(Beginning of Input data)
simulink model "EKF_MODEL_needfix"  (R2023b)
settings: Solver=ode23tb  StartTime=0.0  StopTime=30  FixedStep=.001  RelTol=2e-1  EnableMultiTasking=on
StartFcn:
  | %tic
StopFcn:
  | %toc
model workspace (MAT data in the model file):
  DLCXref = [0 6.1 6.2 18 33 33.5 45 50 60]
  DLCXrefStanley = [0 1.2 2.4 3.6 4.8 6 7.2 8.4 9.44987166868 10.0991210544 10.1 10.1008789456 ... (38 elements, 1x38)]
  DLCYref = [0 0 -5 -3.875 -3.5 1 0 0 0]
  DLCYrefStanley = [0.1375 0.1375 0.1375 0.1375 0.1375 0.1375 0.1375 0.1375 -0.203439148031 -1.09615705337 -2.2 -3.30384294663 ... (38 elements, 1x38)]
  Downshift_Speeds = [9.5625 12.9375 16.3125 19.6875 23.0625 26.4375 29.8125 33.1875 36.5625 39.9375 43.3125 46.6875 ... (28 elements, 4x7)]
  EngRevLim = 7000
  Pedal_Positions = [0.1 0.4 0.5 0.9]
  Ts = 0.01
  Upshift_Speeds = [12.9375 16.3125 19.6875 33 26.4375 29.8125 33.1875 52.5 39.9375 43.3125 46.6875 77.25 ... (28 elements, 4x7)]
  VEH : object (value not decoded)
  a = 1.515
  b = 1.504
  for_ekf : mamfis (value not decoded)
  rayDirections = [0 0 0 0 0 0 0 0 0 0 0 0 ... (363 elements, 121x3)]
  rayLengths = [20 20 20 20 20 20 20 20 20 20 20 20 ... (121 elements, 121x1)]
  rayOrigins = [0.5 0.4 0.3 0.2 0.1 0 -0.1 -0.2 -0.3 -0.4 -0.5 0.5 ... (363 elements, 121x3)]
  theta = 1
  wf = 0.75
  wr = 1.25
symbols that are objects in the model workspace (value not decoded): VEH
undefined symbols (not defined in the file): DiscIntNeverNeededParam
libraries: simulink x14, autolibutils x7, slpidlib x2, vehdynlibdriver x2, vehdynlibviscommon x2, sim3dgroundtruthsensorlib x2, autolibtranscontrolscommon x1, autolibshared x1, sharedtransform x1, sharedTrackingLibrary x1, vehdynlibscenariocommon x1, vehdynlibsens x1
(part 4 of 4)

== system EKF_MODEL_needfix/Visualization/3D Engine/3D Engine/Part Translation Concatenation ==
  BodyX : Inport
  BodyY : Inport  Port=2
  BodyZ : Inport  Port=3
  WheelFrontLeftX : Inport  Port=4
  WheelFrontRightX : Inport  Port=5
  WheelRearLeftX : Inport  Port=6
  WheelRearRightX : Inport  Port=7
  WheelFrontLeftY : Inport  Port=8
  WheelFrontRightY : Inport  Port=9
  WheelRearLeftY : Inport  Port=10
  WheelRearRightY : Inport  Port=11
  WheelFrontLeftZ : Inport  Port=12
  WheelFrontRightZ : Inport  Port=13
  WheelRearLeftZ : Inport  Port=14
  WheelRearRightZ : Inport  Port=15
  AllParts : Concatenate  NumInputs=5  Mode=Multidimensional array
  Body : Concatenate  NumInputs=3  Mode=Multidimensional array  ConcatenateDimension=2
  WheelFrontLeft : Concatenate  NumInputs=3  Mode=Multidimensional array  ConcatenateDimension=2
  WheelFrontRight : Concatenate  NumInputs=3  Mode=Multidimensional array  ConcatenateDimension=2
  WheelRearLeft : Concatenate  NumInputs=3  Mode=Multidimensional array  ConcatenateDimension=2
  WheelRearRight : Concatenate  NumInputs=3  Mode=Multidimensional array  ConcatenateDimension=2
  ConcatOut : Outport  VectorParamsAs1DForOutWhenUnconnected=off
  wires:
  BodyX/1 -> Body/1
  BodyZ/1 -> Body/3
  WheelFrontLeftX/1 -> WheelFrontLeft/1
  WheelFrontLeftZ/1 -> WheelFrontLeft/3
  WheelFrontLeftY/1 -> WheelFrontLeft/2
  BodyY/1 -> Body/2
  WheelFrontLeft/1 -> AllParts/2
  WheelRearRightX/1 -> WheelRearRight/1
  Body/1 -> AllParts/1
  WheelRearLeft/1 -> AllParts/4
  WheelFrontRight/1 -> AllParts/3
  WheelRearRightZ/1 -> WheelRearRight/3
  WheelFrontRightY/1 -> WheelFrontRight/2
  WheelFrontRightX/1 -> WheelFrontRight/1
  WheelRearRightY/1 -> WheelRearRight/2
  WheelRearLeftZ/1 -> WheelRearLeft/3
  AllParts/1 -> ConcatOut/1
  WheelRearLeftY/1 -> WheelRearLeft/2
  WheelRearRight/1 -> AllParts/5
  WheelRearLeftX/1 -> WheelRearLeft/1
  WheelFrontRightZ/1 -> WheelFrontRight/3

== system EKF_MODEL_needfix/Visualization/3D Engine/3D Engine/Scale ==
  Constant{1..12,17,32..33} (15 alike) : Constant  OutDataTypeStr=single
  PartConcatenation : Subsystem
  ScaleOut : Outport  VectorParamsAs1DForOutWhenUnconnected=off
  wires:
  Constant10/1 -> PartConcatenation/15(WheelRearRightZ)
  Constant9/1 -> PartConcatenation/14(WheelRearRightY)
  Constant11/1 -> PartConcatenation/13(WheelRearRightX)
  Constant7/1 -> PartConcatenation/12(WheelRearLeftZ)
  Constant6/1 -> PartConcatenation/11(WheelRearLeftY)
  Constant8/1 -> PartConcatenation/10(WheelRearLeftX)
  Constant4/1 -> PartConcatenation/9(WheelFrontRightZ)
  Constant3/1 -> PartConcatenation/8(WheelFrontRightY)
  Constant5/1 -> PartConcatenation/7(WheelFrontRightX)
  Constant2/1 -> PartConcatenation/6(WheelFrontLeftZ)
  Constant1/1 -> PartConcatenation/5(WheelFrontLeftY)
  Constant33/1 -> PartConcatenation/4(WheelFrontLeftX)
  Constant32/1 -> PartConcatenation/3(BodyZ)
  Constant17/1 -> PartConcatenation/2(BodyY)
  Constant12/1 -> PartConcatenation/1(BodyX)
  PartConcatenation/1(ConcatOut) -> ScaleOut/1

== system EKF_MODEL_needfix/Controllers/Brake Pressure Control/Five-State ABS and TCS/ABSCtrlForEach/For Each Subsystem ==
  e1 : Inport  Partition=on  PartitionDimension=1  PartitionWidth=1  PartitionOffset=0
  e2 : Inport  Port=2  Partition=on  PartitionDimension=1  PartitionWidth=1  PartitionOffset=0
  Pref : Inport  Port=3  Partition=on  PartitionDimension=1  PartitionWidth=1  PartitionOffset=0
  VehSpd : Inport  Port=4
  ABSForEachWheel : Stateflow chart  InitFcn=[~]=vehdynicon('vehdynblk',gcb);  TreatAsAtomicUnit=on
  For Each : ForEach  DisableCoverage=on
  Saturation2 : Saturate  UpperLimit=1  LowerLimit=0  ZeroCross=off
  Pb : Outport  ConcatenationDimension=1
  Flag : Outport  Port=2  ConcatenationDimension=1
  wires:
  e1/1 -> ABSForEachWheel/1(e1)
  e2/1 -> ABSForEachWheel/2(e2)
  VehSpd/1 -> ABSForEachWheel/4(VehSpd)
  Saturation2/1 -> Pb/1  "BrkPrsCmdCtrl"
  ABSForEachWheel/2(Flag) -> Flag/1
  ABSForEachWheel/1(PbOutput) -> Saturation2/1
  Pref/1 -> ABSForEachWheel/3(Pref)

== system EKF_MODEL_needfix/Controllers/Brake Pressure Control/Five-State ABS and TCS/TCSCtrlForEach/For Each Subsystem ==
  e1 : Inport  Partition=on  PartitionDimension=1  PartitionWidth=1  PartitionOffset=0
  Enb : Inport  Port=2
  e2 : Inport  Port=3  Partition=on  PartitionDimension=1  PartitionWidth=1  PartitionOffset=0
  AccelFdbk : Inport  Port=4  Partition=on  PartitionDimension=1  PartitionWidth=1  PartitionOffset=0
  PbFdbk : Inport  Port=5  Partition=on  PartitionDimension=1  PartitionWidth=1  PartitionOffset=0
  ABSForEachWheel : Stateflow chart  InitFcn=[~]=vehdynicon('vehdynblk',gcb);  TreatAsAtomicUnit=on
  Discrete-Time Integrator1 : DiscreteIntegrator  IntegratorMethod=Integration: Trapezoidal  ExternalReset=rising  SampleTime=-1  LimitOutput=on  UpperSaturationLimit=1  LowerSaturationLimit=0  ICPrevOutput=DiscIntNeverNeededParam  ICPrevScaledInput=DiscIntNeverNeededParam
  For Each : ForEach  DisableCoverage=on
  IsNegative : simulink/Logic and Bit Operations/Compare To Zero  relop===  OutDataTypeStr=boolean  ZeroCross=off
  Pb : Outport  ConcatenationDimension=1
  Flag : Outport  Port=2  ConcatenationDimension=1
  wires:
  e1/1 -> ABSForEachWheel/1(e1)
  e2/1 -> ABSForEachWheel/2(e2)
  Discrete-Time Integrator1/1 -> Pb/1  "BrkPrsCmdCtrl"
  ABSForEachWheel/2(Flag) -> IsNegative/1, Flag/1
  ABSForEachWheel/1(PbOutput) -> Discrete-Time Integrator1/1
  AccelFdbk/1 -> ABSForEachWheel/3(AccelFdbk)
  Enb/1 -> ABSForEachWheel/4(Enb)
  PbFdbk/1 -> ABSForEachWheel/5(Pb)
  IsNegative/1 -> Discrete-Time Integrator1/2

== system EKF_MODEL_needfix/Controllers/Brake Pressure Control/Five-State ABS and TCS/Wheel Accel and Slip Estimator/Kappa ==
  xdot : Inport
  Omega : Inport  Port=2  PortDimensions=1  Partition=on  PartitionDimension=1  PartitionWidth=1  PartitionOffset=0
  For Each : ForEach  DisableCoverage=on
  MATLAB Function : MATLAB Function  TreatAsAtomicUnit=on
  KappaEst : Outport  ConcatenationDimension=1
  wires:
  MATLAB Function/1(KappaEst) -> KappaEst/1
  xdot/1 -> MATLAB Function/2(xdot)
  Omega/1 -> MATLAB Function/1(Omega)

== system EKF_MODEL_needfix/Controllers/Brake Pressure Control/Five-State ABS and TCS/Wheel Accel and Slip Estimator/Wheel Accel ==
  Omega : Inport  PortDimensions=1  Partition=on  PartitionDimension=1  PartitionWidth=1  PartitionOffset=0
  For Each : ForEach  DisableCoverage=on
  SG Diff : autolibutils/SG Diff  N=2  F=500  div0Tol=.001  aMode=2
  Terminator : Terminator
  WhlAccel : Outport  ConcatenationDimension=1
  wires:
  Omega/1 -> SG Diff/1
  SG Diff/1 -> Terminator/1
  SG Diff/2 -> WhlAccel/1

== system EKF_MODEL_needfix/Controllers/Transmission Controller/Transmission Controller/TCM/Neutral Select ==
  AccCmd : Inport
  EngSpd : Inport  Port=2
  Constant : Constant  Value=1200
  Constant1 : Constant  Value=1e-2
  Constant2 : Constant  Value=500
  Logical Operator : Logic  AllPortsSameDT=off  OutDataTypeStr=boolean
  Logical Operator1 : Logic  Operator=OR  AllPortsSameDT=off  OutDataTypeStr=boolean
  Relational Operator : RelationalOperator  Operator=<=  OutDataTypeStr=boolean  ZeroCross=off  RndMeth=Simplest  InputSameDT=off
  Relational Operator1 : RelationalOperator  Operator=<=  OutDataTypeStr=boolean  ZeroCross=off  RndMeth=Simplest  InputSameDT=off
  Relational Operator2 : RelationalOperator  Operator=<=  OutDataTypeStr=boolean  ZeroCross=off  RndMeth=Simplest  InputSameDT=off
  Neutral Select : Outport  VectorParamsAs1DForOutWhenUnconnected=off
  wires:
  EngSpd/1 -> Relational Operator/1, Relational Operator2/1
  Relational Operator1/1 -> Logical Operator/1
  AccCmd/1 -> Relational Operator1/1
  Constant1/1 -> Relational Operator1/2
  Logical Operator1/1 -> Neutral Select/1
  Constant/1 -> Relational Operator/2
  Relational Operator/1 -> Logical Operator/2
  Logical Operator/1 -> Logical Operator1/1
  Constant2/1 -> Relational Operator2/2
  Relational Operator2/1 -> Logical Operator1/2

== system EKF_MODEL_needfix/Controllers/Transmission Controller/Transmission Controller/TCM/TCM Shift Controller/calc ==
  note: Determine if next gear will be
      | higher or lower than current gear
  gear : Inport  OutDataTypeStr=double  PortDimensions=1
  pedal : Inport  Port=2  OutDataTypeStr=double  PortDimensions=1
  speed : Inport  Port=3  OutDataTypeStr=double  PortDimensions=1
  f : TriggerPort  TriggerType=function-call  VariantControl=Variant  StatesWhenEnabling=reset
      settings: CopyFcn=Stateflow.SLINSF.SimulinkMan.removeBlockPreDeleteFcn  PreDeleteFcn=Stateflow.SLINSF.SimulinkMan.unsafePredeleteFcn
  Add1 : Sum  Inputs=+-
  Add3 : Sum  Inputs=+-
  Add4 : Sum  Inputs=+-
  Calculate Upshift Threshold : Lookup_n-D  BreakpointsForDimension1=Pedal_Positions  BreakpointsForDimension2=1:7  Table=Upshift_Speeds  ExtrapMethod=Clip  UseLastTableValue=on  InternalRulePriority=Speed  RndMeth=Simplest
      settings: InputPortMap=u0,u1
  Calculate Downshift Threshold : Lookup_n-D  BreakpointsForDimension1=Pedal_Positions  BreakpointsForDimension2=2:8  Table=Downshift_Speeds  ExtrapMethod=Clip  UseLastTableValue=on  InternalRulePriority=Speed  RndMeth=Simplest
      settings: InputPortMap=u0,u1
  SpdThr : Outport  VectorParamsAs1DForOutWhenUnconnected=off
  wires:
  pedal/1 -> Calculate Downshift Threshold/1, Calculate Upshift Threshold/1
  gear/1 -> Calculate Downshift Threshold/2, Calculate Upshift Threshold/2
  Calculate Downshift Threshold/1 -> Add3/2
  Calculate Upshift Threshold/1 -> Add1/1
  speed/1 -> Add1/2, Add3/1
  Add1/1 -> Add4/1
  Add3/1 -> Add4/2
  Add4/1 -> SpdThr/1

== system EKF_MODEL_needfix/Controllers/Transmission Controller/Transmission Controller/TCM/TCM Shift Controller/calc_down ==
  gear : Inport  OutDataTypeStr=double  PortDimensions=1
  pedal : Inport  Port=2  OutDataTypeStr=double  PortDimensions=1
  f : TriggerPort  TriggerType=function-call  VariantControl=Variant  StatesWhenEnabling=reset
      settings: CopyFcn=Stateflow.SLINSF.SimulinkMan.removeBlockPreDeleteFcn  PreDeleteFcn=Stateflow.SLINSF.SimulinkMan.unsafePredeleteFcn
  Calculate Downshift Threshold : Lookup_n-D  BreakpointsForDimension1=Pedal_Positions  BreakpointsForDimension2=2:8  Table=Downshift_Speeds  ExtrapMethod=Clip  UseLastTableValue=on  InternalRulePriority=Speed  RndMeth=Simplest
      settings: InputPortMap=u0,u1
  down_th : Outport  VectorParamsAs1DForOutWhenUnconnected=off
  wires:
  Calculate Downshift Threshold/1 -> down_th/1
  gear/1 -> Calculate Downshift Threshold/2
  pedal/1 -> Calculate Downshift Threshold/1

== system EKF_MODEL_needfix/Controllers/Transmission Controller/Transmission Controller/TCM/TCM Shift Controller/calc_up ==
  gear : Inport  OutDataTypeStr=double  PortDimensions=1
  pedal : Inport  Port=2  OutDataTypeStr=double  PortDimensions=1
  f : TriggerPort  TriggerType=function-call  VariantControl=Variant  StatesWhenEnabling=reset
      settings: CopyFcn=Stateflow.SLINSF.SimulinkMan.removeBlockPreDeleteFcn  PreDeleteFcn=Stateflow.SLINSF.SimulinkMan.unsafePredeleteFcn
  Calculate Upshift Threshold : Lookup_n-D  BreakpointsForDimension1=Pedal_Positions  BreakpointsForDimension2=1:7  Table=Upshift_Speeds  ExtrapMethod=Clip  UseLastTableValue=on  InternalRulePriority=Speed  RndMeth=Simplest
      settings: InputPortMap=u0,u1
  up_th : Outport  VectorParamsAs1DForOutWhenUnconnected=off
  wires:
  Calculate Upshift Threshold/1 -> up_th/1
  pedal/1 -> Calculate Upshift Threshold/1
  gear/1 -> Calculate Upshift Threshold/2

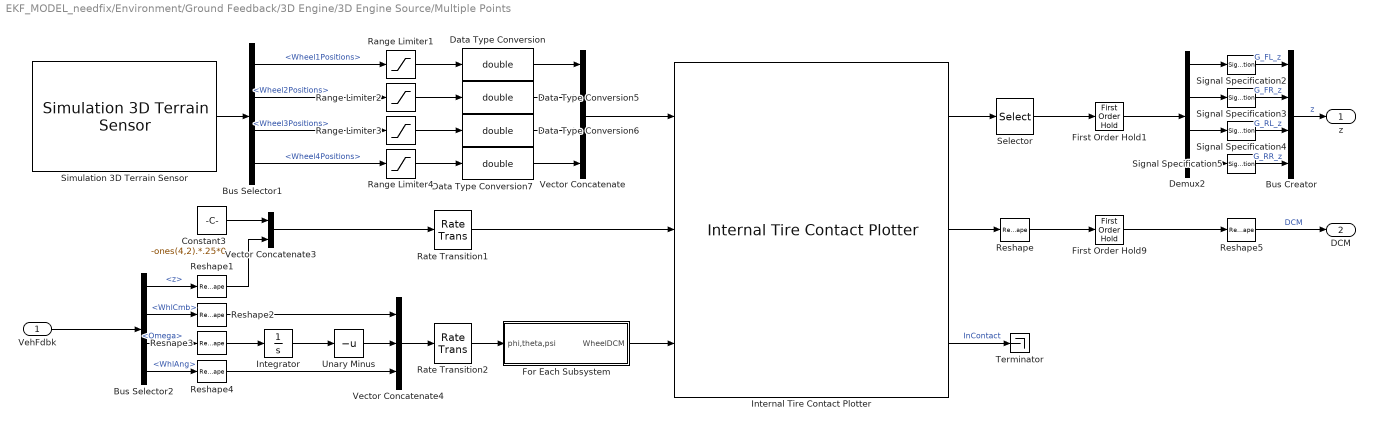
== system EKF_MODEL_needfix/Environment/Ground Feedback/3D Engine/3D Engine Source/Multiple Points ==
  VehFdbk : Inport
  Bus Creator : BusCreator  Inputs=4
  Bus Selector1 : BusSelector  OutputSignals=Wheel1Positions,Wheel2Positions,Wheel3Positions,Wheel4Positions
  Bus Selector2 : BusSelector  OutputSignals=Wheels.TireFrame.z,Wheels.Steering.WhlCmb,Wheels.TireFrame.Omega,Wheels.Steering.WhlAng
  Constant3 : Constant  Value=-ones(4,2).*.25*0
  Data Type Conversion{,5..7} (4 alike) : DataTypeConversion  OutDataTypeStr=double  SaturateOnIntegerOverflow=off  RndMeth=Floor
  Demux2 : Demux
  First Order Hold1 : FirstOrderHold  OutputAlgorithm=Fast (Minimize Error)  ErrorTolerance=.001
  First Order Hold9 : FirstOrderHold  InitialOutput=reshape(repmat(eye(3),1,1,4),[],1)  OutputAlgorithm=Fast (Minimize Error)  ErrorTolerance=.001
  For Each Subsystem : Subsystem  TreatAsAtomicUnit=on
(End of Input data)
▶ Problem to work on: Begin with the first line of the records and finish with the line containing "DLCYref = [0 0 -5 -3.875 -3.5 1 0 0 0]". Reproduce those lines exactly, both ends included, and nothing else.

▶ Solution to the problem:
simulink model "EKF_MODEL_needfix"  (R2023b)
settings: Solver=ode23tb  StartTime=0.0  StopTime=30  FixedStep=.001  RelTol=2e-1  EnableMultiTasking=on
StartFcn:
  | %tic
StopFcn:
  | %toc
model workspace (MAT data in the model file):
  DLCXref = [0 6.1 6.2 18 33 33.5 45 50 60]
  DLCXrefStanley = [0 1.2 2.4 3.6 4.8 6 7.2 8.4 9.44987166868 10.0991210544 10.1 10.1008789456 ... (38 elements, 1x38)]
  DLCYref = [0 0 -5 -3.875 -3.5 1 0 0 0]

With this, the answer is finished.